▸ Task brief
Would you write out the records below exactly as given?

▸ Information shown
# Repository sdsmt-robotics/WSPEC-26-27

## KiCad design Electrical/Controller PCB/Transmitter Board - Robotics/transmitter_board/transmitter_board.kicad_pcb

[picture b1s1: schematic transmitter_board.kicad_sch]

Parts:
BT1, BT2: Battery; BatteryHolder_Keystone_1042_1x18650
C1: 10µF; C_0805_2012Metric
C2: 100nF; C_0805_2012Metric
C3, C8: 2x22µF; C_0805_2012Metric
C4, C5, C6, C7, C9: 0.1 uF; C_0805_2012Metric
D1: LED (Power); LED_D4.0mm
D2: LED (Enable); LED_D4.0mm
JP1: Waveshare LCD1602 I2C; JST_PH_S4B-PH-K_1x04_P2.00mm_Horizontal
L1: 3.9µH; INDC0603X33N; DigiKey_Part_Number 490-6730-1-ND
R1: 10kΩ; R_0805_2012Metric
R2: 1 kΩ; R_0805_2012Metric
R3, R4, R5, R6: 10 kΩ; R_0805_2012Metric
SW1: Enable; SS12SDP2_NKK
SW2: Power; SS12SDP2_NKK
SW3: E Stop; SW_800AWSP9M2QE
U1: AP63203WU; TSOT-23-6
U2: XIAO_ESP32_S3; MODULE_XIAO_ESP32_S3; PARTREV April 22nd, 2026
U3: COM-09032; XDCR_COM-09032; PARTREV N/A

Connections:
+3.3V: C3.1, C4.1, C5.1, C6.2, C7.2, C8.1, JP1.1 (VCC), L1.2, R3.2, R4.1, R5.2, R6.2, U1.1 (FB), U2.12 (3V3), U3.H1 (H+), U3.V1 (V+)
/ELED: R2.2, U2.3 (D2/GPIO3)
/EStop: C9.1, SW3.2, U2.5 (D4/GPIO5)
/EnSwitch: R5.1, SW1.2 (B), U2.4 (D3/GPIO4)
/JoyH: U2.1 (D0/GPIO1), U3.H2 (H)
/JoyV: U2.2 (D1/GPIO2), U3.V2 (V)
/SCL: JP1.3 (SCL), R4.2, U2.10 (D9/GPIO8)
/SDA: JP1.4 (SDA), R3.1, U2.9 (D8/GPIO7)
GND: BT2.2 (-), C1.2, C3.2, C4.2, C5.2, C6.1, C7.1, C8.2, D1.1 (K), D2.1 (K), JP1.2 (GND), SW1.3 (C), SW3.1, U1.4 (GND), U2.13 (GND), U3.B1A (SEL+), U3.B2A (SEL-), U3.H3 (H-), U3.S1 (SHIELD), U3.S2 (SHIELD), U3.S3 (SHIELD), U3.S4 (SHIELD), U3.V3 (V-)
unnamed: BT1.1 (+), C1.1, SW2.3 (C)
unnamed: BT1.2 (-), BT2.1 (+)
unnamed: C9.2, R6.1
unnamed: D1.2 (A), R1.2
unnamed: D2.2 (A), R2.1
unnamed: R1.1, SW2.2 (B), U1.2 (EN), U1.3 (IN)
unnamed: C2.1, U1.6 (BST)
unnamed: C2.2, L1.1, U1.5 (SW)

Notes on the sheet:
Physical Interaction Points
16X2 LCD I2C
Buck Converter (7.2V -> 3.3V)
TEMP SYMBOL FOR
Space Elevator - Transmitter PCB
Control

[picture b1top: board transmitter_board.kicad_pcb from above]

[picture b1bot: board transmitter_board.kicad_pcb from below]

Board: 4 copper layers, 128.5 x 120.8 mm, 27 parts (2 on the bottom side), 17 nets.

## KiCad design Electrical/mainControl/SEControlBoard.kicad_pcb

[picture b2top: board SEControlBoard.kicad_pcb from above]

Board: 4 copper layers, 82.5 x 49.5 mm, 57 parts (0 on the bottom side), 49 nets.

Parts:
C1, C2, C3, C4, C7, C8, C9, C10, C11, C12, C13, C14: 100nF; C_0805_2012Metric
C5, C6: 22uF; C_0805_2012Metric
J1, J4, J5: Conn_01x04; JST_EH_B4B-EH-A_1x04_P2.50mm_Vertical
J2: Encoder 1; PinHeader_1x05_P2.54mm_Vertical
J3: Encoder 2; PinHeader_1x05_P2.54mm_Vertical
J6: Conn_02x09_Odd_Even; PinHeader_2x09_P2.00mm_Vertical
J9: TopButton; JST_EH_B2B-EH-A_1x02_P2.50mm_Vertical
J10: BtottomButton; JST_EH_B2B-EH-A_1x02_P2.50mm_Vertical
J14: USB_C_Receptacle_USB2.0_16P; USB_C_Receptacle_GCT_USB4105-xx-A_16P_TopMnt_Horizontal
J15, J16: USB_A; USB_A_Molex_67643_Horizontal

▸ Output below
# Repository sdsmt-robotics/WSPEC-26-27

## KiCad design Electrical/Controller PCB/Transmitter Board - Robotics/transmitter_board/transmitter_board.kicad_pcb

[picture b1s1: schematic transmitter_board.kicad_sch]

Parts:
BT1, BT2: Battery; BatteryHolder_Keystone_1042_1x18650
C1: 10µF; C_0805_2012Metric
C2: 100nF; C_0805_2012Metric
C3, C8: 2x22µF; C_0805_2012Metric
C4, C5, C6, C7, C9: 0.1 uF; C_0805_2012Metric
D1: LED (Power); LED_D4.0mm
D2: LED (Enable); LED_D4.0mm
JP1: Waveshare LCD1602 I2C; JST_PH_S4B-PH-K_1x04_P2.00mm_Horizontal
L1: 3.9µH; INDC0603X33N; DigiKey_Part_Number 490-6730-1-ND
R1: 10kΩ; R_0805_2012Metric
R2: 1 kΩ; R_0805_2012Metric
R3, R4, R5, R6: 10 kΩ; R_0805_2012Metric
SW1: Enable; SS12SDP2_NKK
SW2: Power; SS12SDP2_NKK
SW3: E Stop; SW_800AWSP9M2QE
U1: AP63203WU; TSOT-23-6
U2: XIAO_ESP32_S3; MODULE_XIAO_ESP32_S3; PARTREV April 22nd, 2026
U3: COM-09032; XDCR_COM-09032; PARTREV N/A

Connections:
+3.3V: C3.1, C4.1, C5.1, C6.2, C7.2, C8.1, JP1.1 (VCC), L1.2, R3.2, R4.1, R5.2, R6.2, U1.1 (FB), U2.12 (3V3), U3.H1 (H+), U3.V1 (V+)
/ELED: R2.2, U2.3 (D2/GPIO3)
/EStop: C9.1, SW3.2, U2.5 (D4/GPIO5)
/EnSwitch: R5.1, SW1.2 (B), U2.4 (D3/GPIO4)
/JoyH: U2.1 (D0/GPIO1), U3.H2 (H)
/JoyV: U2.2 (D1/GPIO2), U3.V2 (V)
/SCL: JP1.3 (SCL), R4.2, U2.10 (D9/GPIO8)
/SDA: JP1.4 (SDA), R3.1, U2.9 (D8/GPIO7)
GND: BT2.2 (-), C1.2, C3.2, C4.2, C5.2, C6.1, C7.1, C8.2, D1.1 (K), D2.1 (K), JP1.2 (GND), SW1.3 (C), SW3.1, U1.4 (GND), U2.13 (GND), U3.B1A (SEL+), U3.B2A (SEL-), U3.H3 (H-), U3.S1 (SHIELD), U3.S2 (SHIELD), U3.S3 (SHIELD), U3.S4 (SHIELD), U3.V3 (V-)
unnamed: BT1.1 (+), C1.1, SW2.3 (C)
unnamed: BT1.2 (-), BT2.1 (+)
unnamed: C9.2, R6.1
unnamed: D1.2 (A), R1.2
unnamed: D2.2 (A), R2.1
unnamed: R1.1, SW2.2 (B), U1.2 (EN), U1.3 (IN)
unnamed: C2.1, U1.6 (BST)
unnamed: C2.2, L1.1, U1.5 (SW)

Notes on the sheet:
Physical Interaction Points
16X2 LCD I2C
Buck Converter (7.2V -> 3.3V)
TEMP SYMBOL FOR
Space Elevator - Transmitter PCB
Control

[picture b1top: board transmitter_board.kicad_pcb from above]

[picture b1bot: board transmitter_board.kicad_pcb from below]

Board: 4 copper layers, 128.5 x 120.8 mm, 27 parts (2 on the bottom side), 17 nets.

## KiCad design Electrical/mainControl/SEControlBoard.kicad_pcb

[picture b2top: board SEControlBoard.kicad_pcb from above]

Board: 4 copper layers, 82.5 x 49.5 mm, 57 parts (0 on the bottom side), 49 nets.

Parts:
C1, C2, C3, C4, C7, C8, C9, C10, C11, C12, C13, C14: 100nF; C_0805_2012Metric
C5, C6: 22uF; C_0805_2012Metric
J1, J4, J5: Conn_01x04; JST_EH_B4B-EH-A_1x04_P2.50mm_Vertical
J2: Encoder 1; PinHeader_1x05_P2.54mm_Vertical
J3: Encoder 2; PinHeader_1x05_P2.54mm_Vertical
J6: Conn_02x09_Odd_Even; PinHeader_2x09_P2.00mm_Vertical
J9: TopButton; JST_EH_B2B-EH-A_1x02_P2.50mm_Vertical
J10: BtottomButton; JST_EH_B2B-EH-A_1x02_P2.50mm_Vertical
J14: USB_C_Receptacle_USB2.0_16P; USB_C_Receptacle_GCT_USB4105-xx-A_16P_TopMnt_Horizontal
J15, J16: USB_A; USB_A_Molex_67643_Horizontal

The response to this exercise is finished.